Hallo meine Freunde,
ich hab mir vorgestern mal Sim City zugelegt.
Das Spiel ist an sich erstmal richtig cool und ich zock' auch mit ein paar Freunden in einer Region.
Allerdings hab ich seit gestern Abend ein Problem.
Ich starte das Spiel -> Spielen -> Map lädt -> ich sehe meine hässliche Stadt => circa 5-10 Sekunden später stürzt das Spiel ab -> "Sim City funktioniert nicht mehr. Sobald eine Lösung gefunden ist, werden Sie benachrichtigt."
Mal ganz ehrlich, also ob Windoof eine Lösung suchen würde ..

Naja, hier mal mein System mit dem wichtigsten:

CPU: Intel Xeon E3 1275V2
GPU: 2x AMD Radeon HD 7950
Windoof: Windows 8 Pro

Was hab ich bisher schon versucht zu unternehmen ?
- Locker ne halbe Stunde gegoogelt. Ich war teilweise auf der 5ten Google-Seite >.<
- Die neuen AMD Grafiktreiber der Version 13.5 beta heruntergeladen und neu installert
- Die neuen AMD CrossFireX Profile heruntergeladen, die auch Sim City Support beinhalten
- Kompatibilitätsmodus (Windows 7) und versucht als Admin zu starten
- Origin neu installiert
- Sim City 4mal neuinstalliert

Man kann sich vielleicht vorstellen wie angenervt ich jetzt bin 

Bitte helft mir, ich hab so einige Ideen für meine Stadt, aber wenn das so weiter geht bekomm ich Aggressionen.

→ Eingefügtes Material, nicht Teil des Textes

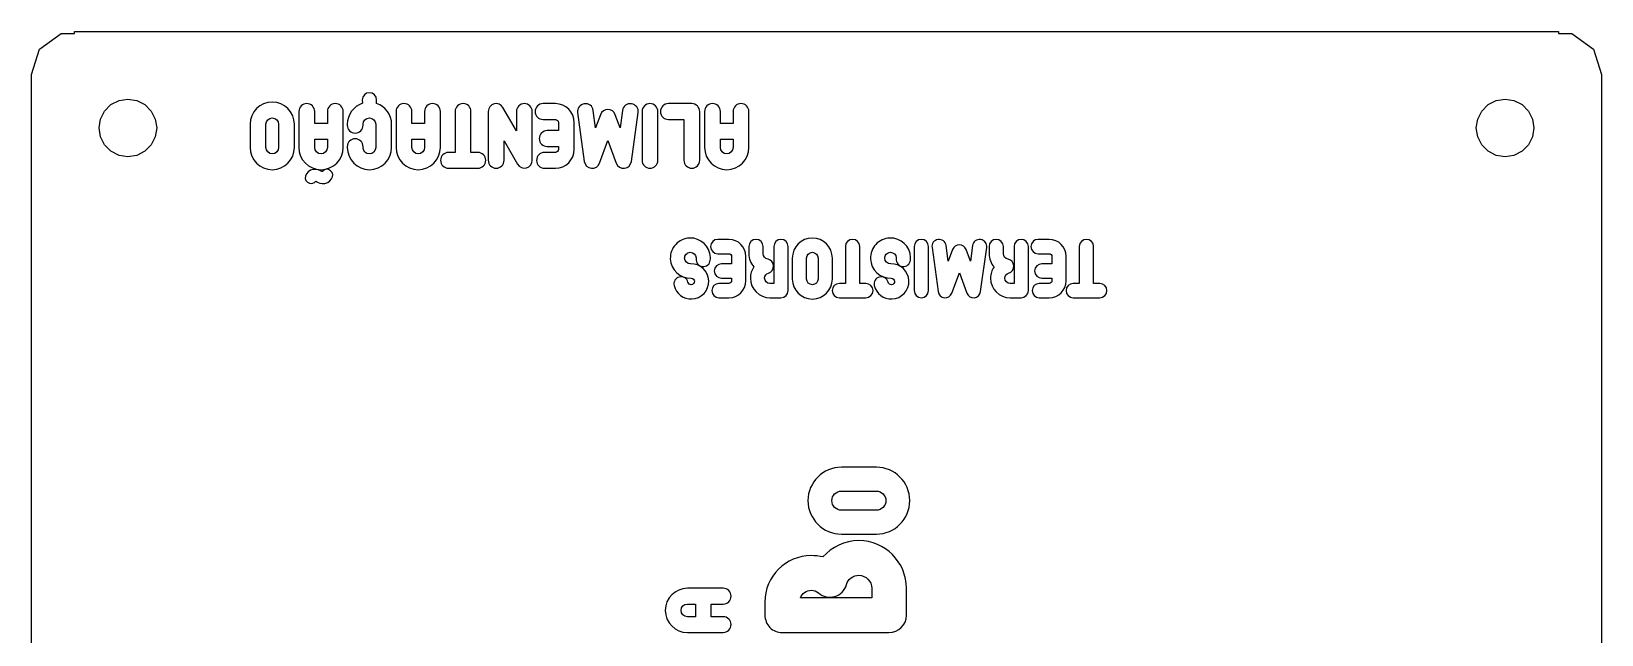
# Model space of a CAD drawing. Extents: x 0 to 215, y 0 to 110.
# Drawn here: x 105.6 to 214.6, y 68.3 to 110.1 of the extents above; entities that cross this region are included whole.
import ezdxf

# ---------------------------------------------------------------- set-up
doc = ezdxf.new("R2010")
doc.units = 0
doc.layers.get('0').update_dxf_attribs({"linetype": 'CONTINUOUS'})

msp = doc.modelspace()

# ---------------------------------------------------------------- linework, layer by layer
at = {"color": 7}
for points in [[(108.578241, 110.142861), (211.578241, 110.142861)], [(108.578241, 109.995863), (108.578241, 110.142861)], [(211.578241, 110.142861), (211.578241, 109.995863)], [(106.15124, 108.905861), (107.65124, 109.995863)], [(107.65124, 109.995863), (108.578241, 109.995863)], [(211.578241, 109.995863), (212.505239, 109.995863)], [(212.505239, 109.995863), (214.005242, 108.905861)], [(105.578241, 107.142861), (106.15124, 108.905861)], [(214.005242, 108.905861), (214.57824, 107.142861)], [(105.578241, 3.142869), (105.578241, 107.142861)], [(214.57824, 107.142861), (214.57824, 3.142869)], [(110.660239, 104.618863), (111.102242, 105.060863)], [(111.102242, 105.060863), (111.66024, 105.344863)], [(111.66024, 105.344863), (112.278242, 105.442862)], [(112.278242, 105.442862), (112.896241, 105.344863)], [(112.896241, 105.344863), (113.454242, 105.060863)], [(113.454242, 105.060863), (113.896242, 104.618863)], [(128.545874, 105.387642), (128.551747, 105.152681)], [(129.544464, 105.146808), (129.544464, 105.387642)], [(139.248227, 104.582897), (139.248227, 103.243611), (138.314252, 104.858978)], [(141.95167, 105.129183), (141.094059, 105.129183)], [(145.082822, 104.359682), (144.747999, 103.455078), (144.583525, 104.653385)], [(146.610076, 104.653385), (146.445602, 103.455078), (146.110779, 104.359682)], [(151.422306, 105.129183), (149.795193, 105.129183)], [(206.26024, 104.618863), (206.702239, 105.060863)], [(206.702239, 105.060863), (207.260241, 105.344863)], [(207.260241, 105.344863), (207.87824, 105.442862)], [(207.87824, 105.442862), (208.496241, 105.344863)], [(208.496241, 105.344863), (209.05424, 105.060863)], [(209.05424, 105.060863), (209.496239, 104.618863)], [(110.27824, 103.442863), (110.376242, 104.060862)], [(110.376242, 104.060862), (110.660239, 104.618863)], [(113.896242, 104.618863), (114.180242, 104.060862)], [(114.180242, 104.060862), (114.278241, 103.442863)], [(120.760178, 103.695915), (120.760178, 102.086421)], [(121.858627, 102.086421), (121.858627, 103.695915)], [(122.739736, 103.695915), (122.739736, 102.086421)], [(123.838185, 102.086421), (123.838185, 103.695915)], [(124.144094, 104.582897), (124.144094, 102.086421)], [(126.123652, 104.582897), (126.123652, 103.754654), (125.242543, 103.754654), (125.242543, 104.582897)], [(127.222101, 102.086421), (127.222101, 104.582897)], [(127.506164, 103.695915), (127.506164, 103.637173)], [(128.604613, 103.637173), (128.604613, 103.695915)], [(129.485722, 103.695915), (129.485722, 102.086421)], [(130.584172, 102.086421), (130.584172, 103.695915)], [(130.890084, 104.582897), (130.890084, 102.086421)], [(132.869642, 104.582897), (132.869642, 103.754654), (131.988533, 103.754654), (131.988533, 104.582897)], [(133.968091, 102.086421), (133.968091, 104.582897)], [(134.99495, 104.58877), (134.99495, 101.745725), (134.530899, 101.745725)], [(136.563324, 101.745725), (136.093399, 101.745725), (136.093399, 104.58877)], [(137.292167, 104.582897), (137.292167, 101.199439)], [(140.346678, 101.199439), (140.346678, 104.582897)], [(141.094059, 104.030735), (141.95167, 104.030735)], [(142.157264, 103.825144), (142.157264, 103.25536), (141.381886, 103.25536)], [(143.255712, 101.951319), (143.255712, 103.825144)], [(143.496823, 104.506533), (143.960875, 101.123075)], [(147.232726, 101.123075), (147.702651, 104.506533)], [(147.967533, 104.577024), (147.967533, 104.577024), (147.967533, 101.193566), (147.967533, 101.193566)], [(149.065985, 101.193566), (149.065985, 104.577024), (149.065985, 104.577024)], [(149.795193, 104.030735), (150.870144, 104.030735), (150.870144, 101.193566)], [(151.968595, 101.193566), (151.968595, 104.577024)], [(152.309748, 104.582897), (152.309748, 102.086421)], [(154.289306, 104.582897), (154.289306, 103.754654), (153.408197, 103.754654), (153.408197, 104.582897)], [(155.387757, 102.086421), (155.387757, 104.582897)], [(205.878241, 103.442863), (205.97624, 104.060862)], [(205.97624, 104.060862), (206.26024, 104.618863)], [(209.496239, 104.618863), (209.78024, 104.060862)], [(209.78024, 104.060862), (209.878241, 103.442863)], [(110.376242, 102.824861), (110.27824, 103.442863)], [(110.660239, 102.266863), (110.376242, 102.824861)], [(114.180242, 102.824861), (113.896242, 102.266863)], [(114.278241, 103.442863), (114.180242, 102.824861)], [(125.242543, 102.086421), (125.242543, 102.656205), (126.123652, 102.656205)], [(126.123652, 102.656205), (126.123652, 102.086421)], [(131.988533, 102.086421), (131.988533, 102.656205), (132.869642, 102.656205)], [(132.869642, 102.656205), (132.869642, 102.086421)], [(138.390616, 101.199439), (138.390616, 102.538725), (139.324591, 100.923358)], [(145.018207, 101.005595), (145.599737, 102.573969), (146.175394, 101.005595)], [(153.408197, 102.086421), (153.408197, 102.656205), (154.289306, 102.656205)], [(154.289306, 102.656205), (154.289306, 102.086421)], [(205.97624, 102.824861), (205.878241, 103.442863)], [(206.26024, 102.266863), (205.97624, 102.824861)], [(209.78024, 102.824861), (209.496239, 102.266863)], [(209.878241, 103.442863), (209.78024, 102.824861)], [(111.102242, 101.824861), (110.660239, 102.266863)], [(111.66024, 101.540863), (111.102242, 101.824861)], [(112.278242, 101.442861), (111.66024, 101.540863)], [(112.896241, 101.540863), (112.278242, 101.442861)], [(113.454242, 101.824861), (112.896241, 101.540863)], [(113.896242, 102.266863), (113.454242, 101.824861)], [(127.506164, 102.13929), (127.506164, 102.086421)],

Beste Grüße ausm sonnigen Pott 
Pollution


----------



## Erok (4. Mai 2013)

Sim City 4 oder Cities XL kaufen und das verbuggte und schrottige Sim City 5 nie wieder installieren


----------



## Pollution (4. Mai 2013)

Erok schrieb:


> Sim City 4 oder Cities XL kaufen und das verbuggte und schrottige Sim City 5 nie wieder installieren


 
Das hab ich nun auch bemerkt, helfen tuts mir aber auch nicht wirklich


----------



## MistaKrizz (4. Mai 2013)

Du kannst mal versuchen, eine graka probeweise rauszunehmen... Ob es was bringt weiß ich aber leider nicht 



MFG


----------



## happypcuser (20. Juni 2013)

MistaKrizz schrieb:


> Du kannst mal versuchen, eine graka probeweise rauszunehmen... Ob es was bringt weiß ich aber leider nicht
> 
> 
> 
> MFG



Na ja er kann sicherlich andere Spiele spielen


----------



## Pollution (27. Juni 2013)

happypcuser schrieb:


> Na ja er kann sicherlich andere Spiele spielen



Ich glaube wir sind uns beide einig, dass der kommentar echt unnötig war


----------